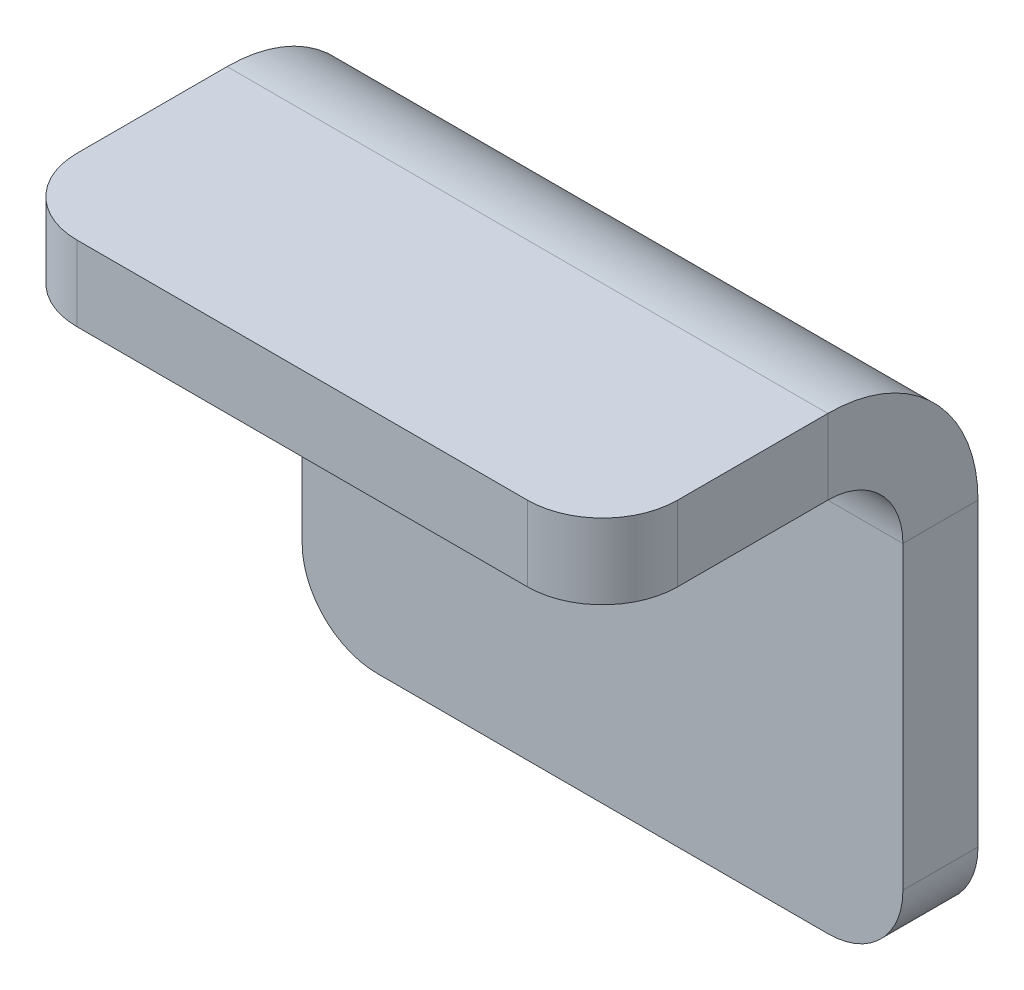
ISO-10303-21;
HEADER;
FILE_DESCRIPTION(('STEP AP214'),'2;1');
FILE_NAME('part.step','',(''),(''),'','','');
FILE_SCHEMA(('AUTOMOTIVE_DESIGN { 1 0 10303 214 1 1 1 1 }'));
ENDSEC;
DATA;
#1=APPLICATION_CONTEXT('core data for automotive mechanical design processes');
#2=APPLICATION_PROTOCOL_DEFINITION('international standard','automotive_design',2000,#1);
#3=PRODUCT_CONTEXT('',#1,'mechanical');
#4=PRODUCT('Part','Part','',(#3));
#5=PRODUCT_RELATED_PRODUCT_CATEGORY('part','',(#4));
#6=PRODUCT_DEFINITION_FORMATION('','',#4);
#7=PRODUCT_DEFINITION_CONTEXT('part definition',#1,'design');
#8=PRODUCT_DEFINITION('design','',#6,#7);
#9=PRODUCT_DEFINITION_SHAPE('','',#8);
#10=(LENGTH_UNIT() NAMED_UNIT(*) SI_UNIT(.MILLI.,.METRE.));
#11=(NAMED_UNIT(*) PLANE_ANGLE_UNIT() SI_UNIT($,.RADIAN.));
#12=(NAMED_UNIT(*) SI_UNIT($,.STERADIAN.) SOLID_ANGLE_UNIT());
#13=UNCERTAINTY_MEASURE_WITH_UNIT(LENGTH_MEASURE(1.E-05),#10,'distance_accuracy_value','');
#14=(GEOMETRIC_REPRESENTATION_CONTEXT(3) GLOBAL_UNCERTAINTY_ASSIGNED_CONTEXT((#13)) GLOBAL_UNIT_ASSIGNED_CONTEXT((#10,
#11,#12)) REPRESENTATION_CONTEXT('',''));
#15=CARTESIAN_POINT('',(0.,0.,0.));
#16=DIRECTION('',(0.,0.,1.));
#17=DIRECTION('',(1.,0.,0.));
#18=AXIS2_PLACEMENT_3D('',#15,#16,#17);
#19=CARTESIAN_POINT('',(-12.7,9.525,-3.175));
#20=DIRECTION('',(-1.,0.,0.));
#21=DIRECTION('',(0.,-1.,0.));
#22=AXIS2_PLACEMENT_3D('',#19,#20,#21);
#23=PLANE('',#22);
#24=DIRECTION('',(0.,-1.,0.));
#25=VECTOR('',#24,1.);
#26=CARTESIAN_POINT('',(-12.7,9.525,-3.175));
#27=LINE('',#26,#25);
#28=CARTESIAN_POINT('',(-12.7,6.35000000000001,-3.175));
#29=VERTEX_POINT('',#28);
#30=CARTESIAN_POINT('',(-12.7,-6.34999999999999,-3.175));
#31=VERTEX_POINT('',#30);
#32=EDGE_CURVE('E187',#29,#31,#27,.T.);
#33=ORIENTED_EDGE('',*,*,#32,.T.);
#34=DIRECTION('',(0.,0.,1.));
#35=VECTOR('',#34,1.);
#36=CARTESIAN_POINT('',(-12.7,-6.35,-3.175));
#37=LINE('',#36,#35);
#38=CARTESIAN_POINT('',(-12.7,-6.34999999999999,0.));
#39=VERTEX_POINT('',#38);
#40=EDGE_CURVE('E194',#31,#39,#37,.T.);
#41=ORIENTED_EDGE('',*,*,#40,.T.);
#42=DIRECTION('',(0.,-1.,0.));
#43=VECTOR('',#42,1.);
#44=CARTESIAN_POINT('',(-12.7,9.525,0.));
#45=LINE('',#44,#43);
#46=CARTESIAN_POINT('',(-12.7,6.35000000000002,0.));
#47=VERTEX_POINT('',#46);
#48=EDGE_CURVE('E196',#47,#39,#45,.T.);
#49=ORIENTED_EDGE('',*,*,#48,.F.);
#50=DIRECTION('',(0.,0.,-1.));
#51=VECTOR('',#50,1.);
#52=CARTESIAN_POINT('',(-12.7,6.35000000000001,0.));
#53=LINE('',#52,#51);
#54=EDGE_CURVE('E171',#47,#29,#53,.T.);
#55=ORIENTED_EDGE('',*,*,#54,.T.);
#56=EDGE_LOOP('',(#33,#41,#49,#55));
#57=FACE_BOUND('',#56,.T.);
#58=ADVANCED_FACE('F36',(#57),#23,.T.);
#59=CARTESIAN_POINT('',(0.,0.,-3.175));
#60=DIRECTION('',(0.,0.,1.));
#61=DIRECTION('',(1.,0.,0.));
#62=AXIS2_PLACEMENT_3D('',#59,#60,#61);
#63=PLANE('',#62);
#64=DIRECTION('',(1.,0.,0.));
#65=VECTOR('',#64,1.);
#66=CARTESIAN_POINT('',(-12.7,-9.525,-3.175));
#67=LINE('',#66,#65);
#68=CARTESIAN_POINT('',(-9.525,-9.525,-3.175));
#69=VERTEX_POINT('',#68);
#70=CARTESIAN_POINT('',(9.52499999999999,-9.525,-3.175));
#71=VERTEX_POINT('',#70);
#72=EDGE_CURVE('E191',#69,#71,#67,.T.);
#73=ORIENTED_EDGE('',*,*,#72,.F.);
#74=CARTESIAN_POINT('',(-9.525,-6.35,-3.175));
#75=DIRECTION('',(0.,0.,1.));
#76=DIRECTION('',(1.,0.,0.));
#77=AXIS2_PLACEMENT_3D('',#74,#75,#76);
#78=CIRCLE('',#77,3.175);
#79=EDGE_CURVE('E214',#69,#31,#78,.F.);
#80=ORIENTED_EDGE('',*,*,#79,.T.);
#81=ORIENTED_EDGE('',*,*,#32,.F.);
#82=DIRECTION('',(-1.,0.,0.));
#83=VECTOR('',#82,1.);
#84=CARTESIAN_POINT('',(-12.7,6.35000000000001,-3.175));
#85=LINE('',#84,#83);
#86=CARTESIAN_POINT('',(12.7,6.35000000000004,-3.175));
#87=VERTEX_POINT('',#86);
#88=EDGE_CURVE('E137',#29,#87,#85,.F.);
#89=ORIENTED_EDGE('',*,*,#88,.T.);
#90=DIRECTION('',(0.,1.,0.));
#91=VECTOR('',#90,1.);
#92=CARTESIAN_POINT('',(12.7,9.525,-3.175));
#93=LINE('',#92,#91);
#94=CARTESIAN_POINT('',(12.7,-6.34999999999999,-3.175));
#95=VERTEX_POINT('',#94);
#96=EDGE_CURVE('E185',#95,#87,#93,.T.);
#97=ORIENTED_EDGE('',*,*,#96,.F.);
#98=CARTESIAN_POINT('',(9.525,-6.35,-3.175));
#99=DIRECTION('',(0.,0.,1.));
#100=DIRECTION('',(1.,0.,0.));
#101=AXIS2_PLACEMENT_3D('',#98,#99,#100);
#102=CIRCLE('',#101,3.175);
#103=EDGE_CURVE('E212',#95,#71,#102,.F.);
#104=ORIENTED_EDGE('',*,*,#103,.T.);
#105=EDGE_LOOP('',(#73,#80,#81,#89,#97,#104));
#106=FACE_BOUND('',#105,.T.);
#107=ADVANCED_FACE('F238',(#106),#63,.F.);
#108=CARTESIAN_POINT('',(0.,0.,0.));
#109=DIRECTION('',(0.,0.,1.));
#110=DIRECTION('',(1.,0.,0.));
#111=AXIS2_PLACEMENT_3D('',#108,#109,#110);
#112=PLANE('',#111);
#113=ORIENTED_EDGE('',*,*,#48,.T.);
#114=CARTESIAN_POINT('',(-9.525,-6.35,0.));
#115=DIRECTION('',(0.,0.,1.));
#116=DIRECTION('',(1.,0.,0.));
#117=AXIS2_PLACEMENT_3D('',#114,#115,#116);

+ + + + + + +

TASK — Please repeat everything in the data above except the pictures, exactly as it reads.

ANSWER TO THE PROBLEM —
ISO-10303-21;
HEADER;
FILE_DESCRIPTION(('STEP AP214'),'2;1');
FILE_NAME('part.step','',(''),(''),'','','');
FILE_SCHEMA(('AUTOMOTIVE_DESIGN { 1 0 10303 214 1 1 1 1 }'));
ENDSEC;
DATA;
#1=APPLICATION_CONTEXT('core data for automotive mechanical design processes');
#2=APPLICATION_PROTOCOL_DEFINITION('international standard','automotive_design',2000,#1);
#3=PRODUCT_CONTEXT('',#1,'mechanical');
#4=PRODUCT('Part','Part','',(#3));
#5=PRODUCT_RELATED_PRODUCT_CATEGORY('part','',(#4));
#6=PRODUCT_DEFINITION_FORMATION('','',#4);
#7=PRODUCT_DEFINITION_CONTEXT('part definition',#1,'design');
#8=PRODUCT_DEFINITION('design','',#6,#7);
#9=PRODUCT_DEFINITION_SHAPE('','',#8);
#10=(LENGTH_UNIT() NAMED_UNIT(*) SI_UNIT(.MILLI.,.METRE.));
#11=(NAMED_UNIT(*) PLANE_ANGLE_UNIT() SI_UNIT($,.RADIAN.));
#12=(NAMED_UNIT(*) SI_UNIT($,.STERADIAN.) SOLID_ANGLE_UNIT());
#13=UNCERTAINTY_MEASURE_WITH_UNIT(LENGTH_MEASURE(1.E-05),#10,'distance_accuracy_value','');
#14=(GEOMETRIC_REPRESENTATION_CONTEXT(3) GLOBAL_UNCERTAINTY_ASSIGNED_CONTEXT((#13)) GLOBAL_UNIT_ASSIGNED_CONTEXT((#10,
#11,#12)) REPRESENTATION_CONTEXT('',''));
#15=CARTESIAN_POINT('',(0.,0.,0.));
#16=DIRECTION('',(0.,0.,1.));
#17=DIRECTION('',(1.,0.,0.));
#18=AXIS2_PLACEMENT_3D('',#15,#16,#17);
#19=CARTESIAN_POINT('',(-12.7,9.525,-3.175));
#20=DIRECTION('',(-1.,0.,0.));
#21=DIRECTION('',(0.,-1.,0.));
#22=AXIS2_PLACEMENT_3D('',#19,#20,#21);
#23=PLANE('',#22);
#24=DIRECTION('',(0.,-1.,0.));
#25=VECTOR('',#24,1.);
#26=CARTESIAN_POINT('',(-12.7,9.525,-3.175));
#27=LINE('',#26,#25);
#28=CARTESIAN_POINT('',(-12.7,6.35000000000001,-3.175));
#29=VERTEX_POINT('',#28);
#30=CARTESIAN_POINT('',(-12.7,-6.34999999999999,-3.175));
#31=VERTEX_POINT('',#30);
#32=EDGE_CURVE('E187',#29,#31,#27,.T.);
#33=ORIENTED_EDGE('',*,*,#32,.T.);
#34=DIRECTION('',(0.,0.,1.));
#35=VECTOR('',#34,1.);
#36=CARTESIAN_POINT('',(-12.7,-6.35,-3.175));
#37=LINE('',#36,#35);
#38=CARTESIAN_POINT('',(-12.7,-6.34999999999999,0.));
#39=VERTEX_POINT('',#38);
#40=EDGE_CURVE('E194',#31,#39,#37,.T.);
#41=ORIENTED_EDGE('',*,*,#40,.T.);
#42=DIRECTION('',(0.,-1.,0.));
#43=VECTOR('',#42,1.);
#44=CARTESIAN_POINT('',(-12.7,9.525,0.));
#45=LINE('',#44,#43);
#46=CARTESIAN_POINT('',(-12.7,6.35000000000002,0.));
#47=VERTEX_POINT('',#46);
#48=EDGE_CURVE('E196',#47,#39,#45,.T.);
#49=ORIENTED_EDGE('',*,*,#48,.F.);
#50=DIRECTION('',(0.,0.,-1.));
#51=VECTOR('',#50,1.);
#52=CARTESIAN_POINT('',(-12.7,6.35000000000001,0.));
#53=LINE('',#52,#51);
#54=EDGE_CURVE('E171',#47,#29,#53,.T.);
#55=ORIENTED_EDGE('',*,*,#54,.T.);
#56=EDGE_LOOP('',(#33,#41,#49,#55));
#57=FACE_BOUND('',#56,.T.);
#58=ADVANCED_FACE('F36',(#57),#23,.T.);
#59=CARTESIAN_POINT('',(0.,0.,-3.175));
#60=DIRECTION('',(0.,0.,1.));
#61=DIRECTION('',(1.,0.,0.));
#62=AXIS2_PLACEMENT_3D('',#59,#60,#61);
#63=PLANE('',#62);
#64=DIRECTION('',(1.,0.,0.));
#65=VECTOR('',#64,1.);
#66=CARTESIAN_POINT('',(-12.7,-9.525,-3.175));
#67=LINE('',#66,#65);
#68=CARTESIAN_POINT('',(-9.525,-9.525,-3.175));
#69=VERTEX_POINT('',#68);
#70=CARTESIAN_POINT('',(9.52499999999999,-9.525,-3.175));
#71=VERTEX_POINT('',#70);
#72=EDGE_CURVE('E191',#69,#71,#67,.T.);
#73=ORIENTED_EDGE('',*,*,#72,.F.);
#74=CARTESIAN_POINT('',(-9.525,-6.35,-3.175));
#75=DIRECTION('',(0.,0.,1.));
#76=DIRECTION('',(1.,0.,0.));
#77=AXIS2_PLACEMENT_3D('',#74,#75,#76);
#78=CIRCLE('',#77,3.175);
#79=EDGE_CURVE('E214',#69,#31,#78,.F.);
#80=ORIENTED_EDGE('',*,*,#79,.T.);
#81=ORIENTED_EDGE('',*,*,#32,.F.);
#82=DIRECTION('',(-1.,0.,0.));
#83=VECTOR('',#82,1.);
#84=CARTESIAN_POINT('',(-12.7,6.35000000000001,-3.175));
#85=LINE('',#84,#83);
#86=CARTESIAN_POINT('',(12.7,6.35000000000004,-3.175));
#87=VERTEX_POINT('',#86);
#88=EDGE_CURVE('E137',#29,#87,#85,.F.);
#89=ORIENTED_EDGE('',*,*,#88,.T.);
#90=DIRECTION('',(0.,1.,0.));
#91=VECTOR('',#90,1.);
#92=CARTESIAN_POINT('',(12.7,9.525,-3.175));
#93=LINE('',#92,#91);
#94=CARTESIAN_POINT('',(12.7,-6.34999999999999,-3.175));
#95=VERTEX_POINT('',#94);
#96=EDGE_CURVE('E185',#95,#87,#93,.T.);
#97=ORIENTED_EDGE('',*,*,#96,.F.);
#98=CARTESIAN_POINT('',(9.525,-6.35,-3.175));
#99=DIRECTION('',(0.,0.,1.));
#100=DIRECTION('',(1.,0.,0.));
#101=AXIS2_PLACEMENT_3D('',#98,#99,#100);
#102=CIRCLE('',#101,3.175);
#103=EDGE_CURVE('E212',#95,#71,#102,.F.);
#104=ORIENTED_EDGE('',*,*,#103,.T.);
#105=EDGE_LOOP('',(#73,#80,#81,#89,#97,#104));
#106=FACE_BOUND('',#105,.T.);
#107=ADVANCED_FACE('F238',(#106),#63,.F.);
#108=CARTESIAN_POINT('',(0.,0.,0.));
#109=DIRECTION('',(0.,0.,1.));
#110=DIRECTION('',(1.,0.,0.));
#111=AXIS2_PLACEMENT_3D('',#108,#109,#110);
#112=PLANE('',#111);
#113=ORIENTED_EDGE('',*,*,#48,.T.);
#114=CARTESIAN_POINT('',(-9.525,-6.35,0.));
#115=DIRECTION('',(0.,0.,1.));
#116=DIRECTION('',(1.,0.,0.));
#117=AXIS2_PLACEMENT_3D('',#114,#115,#116);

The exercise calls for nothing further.